- ACTIVITY -
Print exactly the lines below between the line holding "#350 = VECTOR ( 'NONE', #28984, 39.37008 ) ;" and the line holding "#17401 = ORIENTED_EDGE", inclusive, and nothing more.

[RECORDS FOR THIS TASK — start]

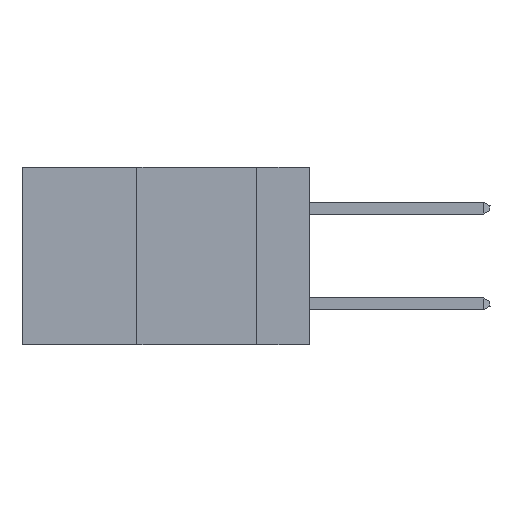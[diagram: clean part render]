
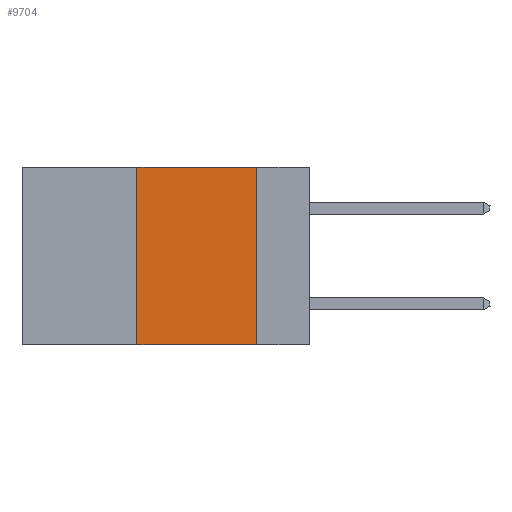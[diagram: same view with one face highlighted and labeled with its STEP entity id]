
A CAD part, left-side view. The second image highlights one B-rep face of the part: STEP entity #9704.
In plain terms, the highlighted planar face has unit normal (-1, 0, 0).
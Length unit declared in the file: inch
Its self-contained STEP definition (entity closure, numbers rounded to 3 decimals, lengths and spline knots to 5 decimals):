
#350 = VECTOR ( 'NONE', #28984, 39.37008 ) ;
#2324 = CARTESIAN_POINT ( 'NONE',  ( 0., 0.6, -0.37 ) ) ;
#4824 = DIRECTION ( 'NONE',  ( 0., 0., -1. ) ) ;
#7316 = CARTESIAN_POINT ( 'NONE',  ( 0., 0.6, 0. ) ) ;
#7479 = PLANE ( 'NONE',  #8441 ) ;
#8282 = EDGE_CURVE ( 'NONE', #43181, #12299, #13186, .T. ) ;
#8441 = AXIS2_PLACEMENT_3D ( 'NONE', #7316, #43962, #33044 ) ;
#9704 = ADVANCED_FACE ( 'NONE', ( #24444 ), #7479, .F. ) ;
#12299 = VERTEX_POINT ( 'NONE', #15029 ) ;
#13186 = LINE ( 'NONE', #13720, #37735 ) ;
#13720 = CARTESIAN_POINT ( 'NONE',  ( 0., 0.6, 0. ) ) ;
#15029 = CARTESIAN_POINT ( 'NONE',  ( 0., 0.11, 0. ) ) ;
#16861 = ORIENTED_EDGE ( 'NONE', *, *, #8282, .F. ) ;
#17189 = CARTESIAN_POINT ( 'NONE',  ( 0., 0.36, -0.37 ) ) ;
#17401 = ORIENTED_EDGE ( 'NONE', *, *, #34069, .T. ) ;
#17518 = DIRECTION ( 'NONE',  ( 0., -1., 0. ) ) ;
#22232 = VECTOR ( 'NONE', #38087, 39.37008 ) ;
#23427 = EDGE_CURVE ( 'NONE', #12299, #37230, #38922, .T. ) ;
#24444 = FACE_OUTER_BOUND ( 'NONE', #28683, .T. ) ;
#24457 = VERTEX_POINT ( 'NONE', #17189 ) ;
#27169 = CARTESIAN_POINT ( 'NONE',  ( 0., 0.36, 0. ) ) ;
#28683 = EDGE_LOOP ( 'NONE', ( #39606, #16861, #46851, #17401 ) ) ;
#28984 = DIRECTION ( 'NONE',  ( 0., -1., 0. ) ) ;
#30547 = CARTESIAN_POINT ( 'NONE',  ( 0., 0.11, 0. ) ) ;
#32195 = CARTESIAN_POINT ( 'NONE',  ( 0., 0.36, 0. ) ) ;
#33044 = DIRECTION ( 'NONE',  ( 0., 0., -1. ) ) ;
#33517 = LINE ( 'NONE', #2324, #350 ) ;
#34069 = EDGE_CURVE ( 'NONE', #24457, #37230, #33517, .T. ) ;
#37230 = VERTEX_POINT ( 'NONE', #42614 ) ;
#37735 = VECTOR ( 'NONE', #17518, 39.37008 ) ;
#38087 = DIRECTION ( 'NONE',  ( 0., 0., 1. ) ) ;
#38922 = LINE ( 'NONE', #30547, #40091 ) ;
#39606 = ORIENTED_EDGE ( 'NONE', *, *, #23427, .F. ) ;
#40091 = VECTOR ( 'NONE', #4824, 39.37008 ) ;
#40146 = EDGE_CURVE ( 'NONE', #24457, #43181, #42857, .T. ) ;
#42614 = CARTESIAN_POINT ( 'NONE',  ( 0., 0.11, -0.37 ) ) ;
#42857 = LINE ( 'NONE', #27169, #22232 ) ;
#43181 = VERTEX_POINT ( 'NONE', #32195 ) ;
#43962 = DIRECTION ( 'NONE',  ( 1., 0., 0. ) ) ;
#46851 = ORIENTED_EDGE ( 'NONE', *, *, #40146, .F. ) ;

[RECORDS FOR THIS TASK — finish]

- ANSWER BOX -
#350 = VECTOR ( 'NONE', #28984, 39.37008 ) ;
#2324 = CARTESIAN_POINT ( 'NONE',  ( 0., 0.6, -0.37 ) ) ;
#4824 = DIRECTION ( 'NONE',  ( 0., 0., -1. ) ) ;
#7316 = CARTESIAN_POINT ( 'NONE',  ( 0., 0.6, 0. ) ) ;
#7479 = PLANE ( 'NONE',  #8441 ) ;
#8282 = EDGE_CURVE ( 'NONE', #43181, #12299, #13186, .T. ) ;
#8441 = AXIS2_PLACEMENT_3D ( 'NONE', #7316, #43962, #33044 ) ;
#9704 = ADVANCED_FACE ( 'NONE', ( #24444 ), #7479, .F. ) ;
#12299 = VERTEX_POINT ( 'NONE', #15029 ) ;
#13186 = LINE ( 'NONE', #13720, #37735 ) ;
#13720 = CARTESIAN_POINT ( 'NONE',  ( 0., 0.6, 0. ) ) ;
#15029 = CARTESIAN_POINT ( 'NONE',  ( 0., 0.11, 0. ) ) ;
#16861 = ORIENTED_EDGE ( 'NONE', *, *, #8282, .F. ) ;
#17189 = CARTESIAN_POINT ( 'NONE',  ( 0., 0.36, -0.37 ) ) ;
#17401 = ORIENTED_EDGE ( 'NONE', *, *, #34069, .T. ) ;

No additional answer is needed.